Wild oysters in danger of extinction
Overfishing has claimed more than 85 per cent of the world's reefs, and the BP oil spill has taken its own toll
Enjoy your shucking while it lasts. Wild oysters are now "functionally extinct" in many places around the world where they were once plentiful. More than 85 per cent of their reefs have been lost due to overfishing, according to a new study.
The decline of the mollusc is so severe that three-quarters of the world's remaining stock can be found in only five locations in North America. And in once famous harvesting locations such as Britain's Essex coast, the Wadden Sea off the Netherlands and Narragansett Bay, off Rhode Island, a mere 1 per cent of reefs remain. If nothing is done to protect remaining wild oysters, they could disappear within a generation, says Michael Beck of the University of California, Santa Cruz.
Dr Beck led a team of marine biologists who examined 144 former strongholds of the creatures in 40 regions around the world. The overall condition of the various species is "poor", concludes the largest ever investigation into wild oyster stocks, published this week in the journal BioScience. Their loss is important since they play a vital role in filtering impurities from sea water, supporting fish populations, and preventing coastal erosion.
Last summer's oil spill in the Gulf of Mexico hit the one place in the world native oyster catches had stayed at historical levels. The disaster destroyed as much as half of the most productive reefs, Dr Beck estimates.
"Oyster reefs are at less than 10 per cent of their prior abundance in most bays (70 per cent) and eco-regions (63 per cent)," reads his study. "They are functionally extinct, in that they lack any significant ecosystem role and remain at less than 1 per cent of prior abundances – in many bays (37 per cent) and eco-regions (28 per cent), particularly in North America, Australia and Europe."
The fate of wild oysters is starkly apparent when weighed against their role in history. During the time of the Roman Empire, they were abundant enough to keep the English Channel crystal clear. As recently as the late Victorian era, they were thought of as a staple food of the working class.

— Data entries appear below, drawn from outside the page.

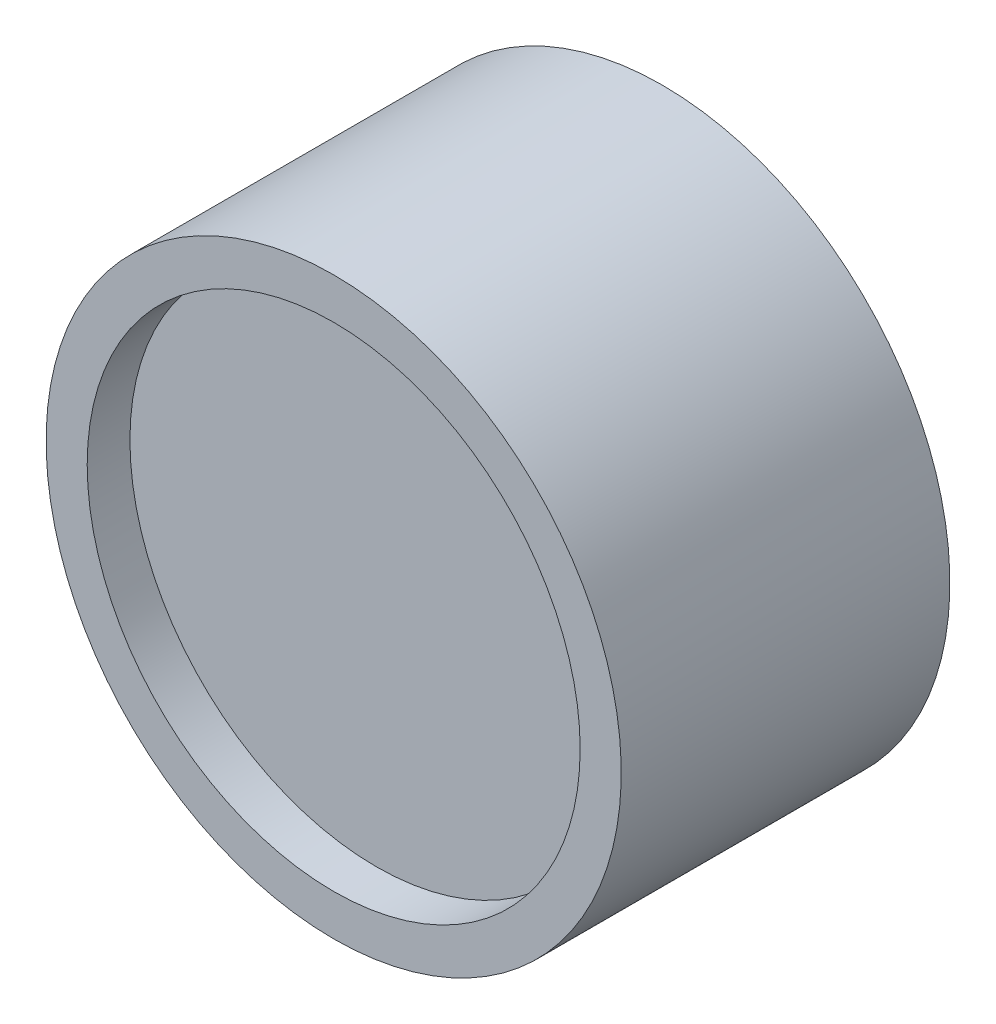
from build123d import *

# Parameters (mm, degrees)
F_1_8_0_125_DIAMETER_HOLE1_D     = 3.175
F_1_8_0_125_DIAMETER_HOLE1_DEPTH = 15.875
F_1_8_0_125_DIAMETER_HOLE1_TIP   = 0.953866233


with BuildPart() as part:
    # Sketch1 → Revolve1 (revolve)
    with BuildSketch(Plane(origin=(0, 0, 0), x_dir=(0, 0, -1), z_dir=(1, 0, 0))):
        Polygon((0, 0), (-9.398, 0), (-9.398, 19.05), (-12.7, 19.05), (-12.7, 22.225), (12.7, 22.225), (12.7, 19.05), (9.398, 19.05), (9.398, 0), align=None)
    revolve(axis=Axis((0, 0, 0), (0, 0, 1)))

    # 1/8 (0.125) Diameter Hole1
    with Locations(Plane(origin=(0, -22.225, 0), x_dir=(-1, 0, 0), z_dir=(0, -1, 0))):
        with Locations((0, 0)):
            Hole(F_1_8_0_125_DIAMETER_HOLE1_D / 2, depth=F_1_8_0_125_DIAMETER_HOLE1_DEPTH)
            with Locations((0, 0, -(F_1_8_0_125_DIAMETER_HOLE1_DEPTH + F_1_8_0_125_DIAMETER_HOLE1_TIP / 2))):  # 118° drill point
                Cone(0, F_1_8_0_125_DIAMETER_HOLE1_D / 2, F_1_8_0_125_DIAMETER_HOLE1_TIP, mode=Mode.SUBTRACT)


solid = part.part
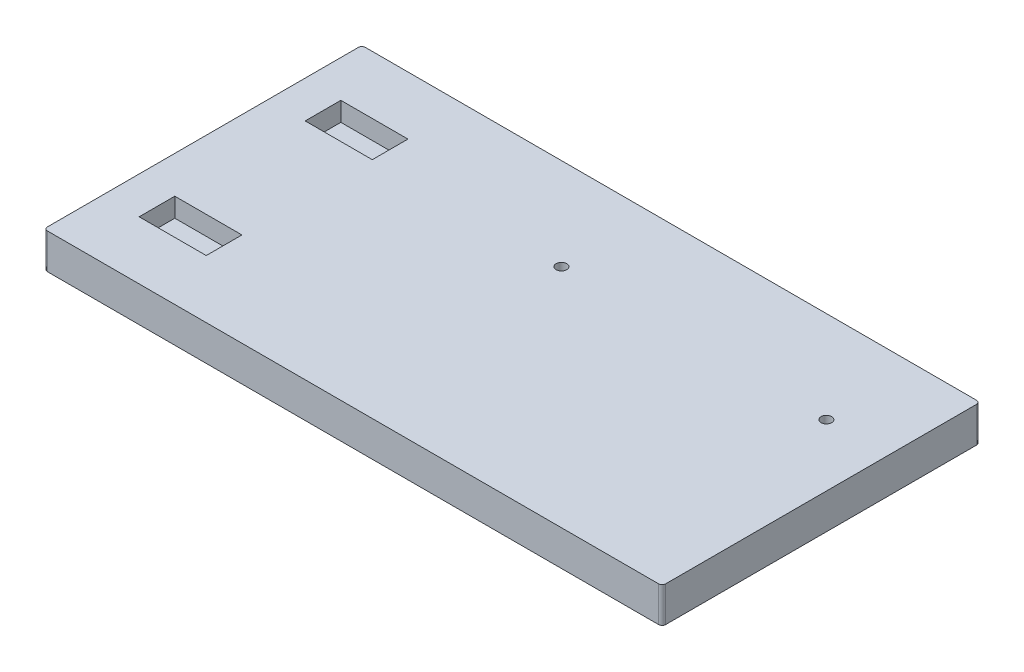
from build123d import *

# Parameters (mm, degrees)
SKETCH1_W           = 175
SKETCH1_H           = 90
BOSS_EXTRUDE1_DEPTH = 10
SKETCH2_W           = 19
SKETCH2_H           = 10.1
CUT_EXTRUDE1_DEPTH  = 5.4
SKETCH2_8_R         = 1.5
CUT_EXTRUDE3_DEPTH  = 99.900202224
FILLET1_R           = 1


with BuildPart() as part:
    # Sketch1 → Boss-Extrude1 (new body)
    with BuildSketch(Plane(origin=(0, 0, 0), x_dir=(1, 0, 0), z_dir=(0, 1, 0))):
        Rectangle(SKETCH1_W, SKETCH1_H)
    extrude(amount=BOSS_EXTRUDE1_DEPTH)

    # Sketch2 → Cut-Extrude1 (cut)
    with BuildSketch(Plane(origin=(0, 10, 0), x_dir=(1, 0, 0), z_dir=(0, 1, 0))):
        with Locations((-67.5, -23.5)):
            Rectangle(SKETCH2_W, SKETCH2_H)
    cut_extrude1 = extrude(amount=-CUT_EXTRUDE1_DEPTH, mode=Mode.SUBTRACT)

    # Mirror1: Cut-Extrude1 across plane
    add(cut_extrude1.mirror(Plane.XY), mode=Mode.SUBTRACT)

    # Sketch2_8 → Cut-Extrude3 (cut, through all)
    with BuildSketch(Plane(origin=(0, 10, 0), x_dir=(1, 0, 0), z_dir=(0, 1, 0))):
        with Locations((-5, 19)):
            Circle(SKETCH2_8_R)
        with Locations((70, 19)):
            Circle(SKETCH2_8_R)
    extrude(amount=-CUT_EXTRUDE3_DEPTH, mode=Mode.SUBTRACT)

    # Fillet1
    fillet1_edges = [part.edges().sort_by_distance(p)[0] for p in [
        (-87.5, 5, -45),
        (87.5, 5, -45),
        (87.5, 5, 45),
        (-87.5, 5, 45),
    ]]
    fillet(fillet1_edges, radius=FILLET1_R)


solid = part.part
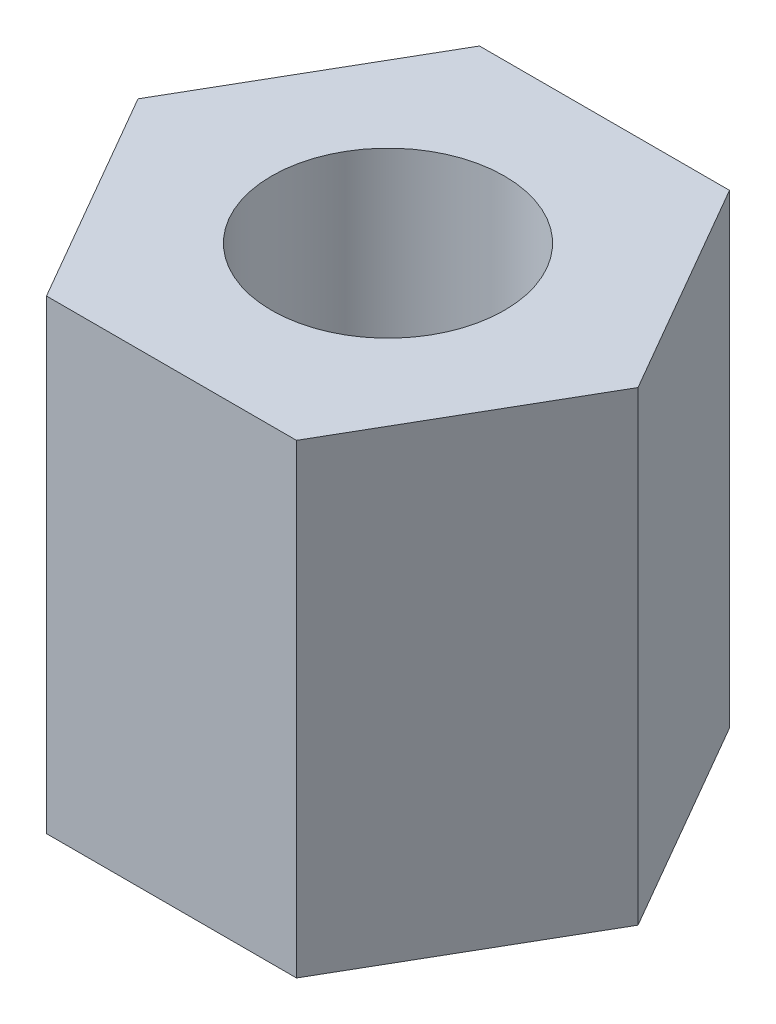
from build123d import *

# Parameters (mm, degrees)
EXTRUDE_1_DEPTH = 2.5


with BuildPart() as part:
    # 草图1 → 凸台-拉伸1 (new body, symmetric)
    with BuildSketch(Plane(origin=(0, 0, 0), x_dir=(1, 0, 0), z_dir=(0, 1, 0))):
        Polygon((2.684678752, 0), (1.342339376, 2.325), (-1.342339376, 2.325), (-2.684678752, 0), (-1.342339376, -2.325), (1.342339376, -2.325), align=None)
    extrude(amount=EXTRUDE_1_DEPTH, both=True)

    # 草图2 → M3 螺纹孔1 (revolve, cut)
    with BuildSketch(Plane(origin=(0, -2.5, 0), x_dir=(0, 0, -1), z_dir=(1, 0, 0))):
        Polygon((0, 0), (0, 8.251075774), (1.25, 7.5), (1.25, 0), align=None)
    hole_wizard_m3_1 = revolve(axis=Axis((0, -8.85, 0), (0, 1, 0)), mode=Mode.SUBTRACT)

    # 镜向1: M3 螺纹孔1 across plane
    add(hole_wizard_m3_1.mirror(Plane.ZX), mode=Mode.SUBTRACT)


solid = part.part

In 1880, about 120,000 people worked as oyster-catchers in Britain alone, and the world consumed about 700 million native oysters each year.
Their populations were subsequently destroyed by modern fishing methods, most notably dredging, a method by which the entire ocean floor is effectively ripped up. The advent of global travel made things worse, since non-native species, and therefore diseases, were introduced to new regions. Today, almost all the oysters consumed in restaurants (except those from the Gulf of Mexico, where there are still wild catchers) are farmed, rather than wild.
"The loss of oysters tends to get ignored because most people have forgotten how abundant they once were," says Dr Beck. "In San Francisco in the 19th century, they were fed to workers building the transcontinental railroad. There were so many of them that the writer Jack London was both an oyster pirate and an oyster policeman. But today, there's not a single wild oyster bed in San Francisco Bay."
Oysters grow best in coastal regions where fresh water mixes with salt water. Over long periods of time, the shells of dead oysters build into reefs, which provide a valuable habitat for other fish and protect shorelines from erosion. But activity that damages parts of the reef leaves oysters vulnerable to stresses caused by changes in the environment.
In the Gulf of Mexico, many important reefs were destroyed last summer when clean-up workers decided to release vast amounts of fresh water from the Mississippi to help disperse oil spewing from BP's Deepwater Horizon rig. It changed salt concentrations and killed off as many as half the living oysters in some parts of the region.
Mr Beck recommends that all areas where less than 10 per cent of former wild oyster reefs remain should be closed to dredging, oyster harvesting and all activities that might harm stocks. "If we do nothing, then they could disappear," he says. "In many places, we've found that they are already functionally extinct. But if we act now, with reasonable measures, then I am confident that we can get them back."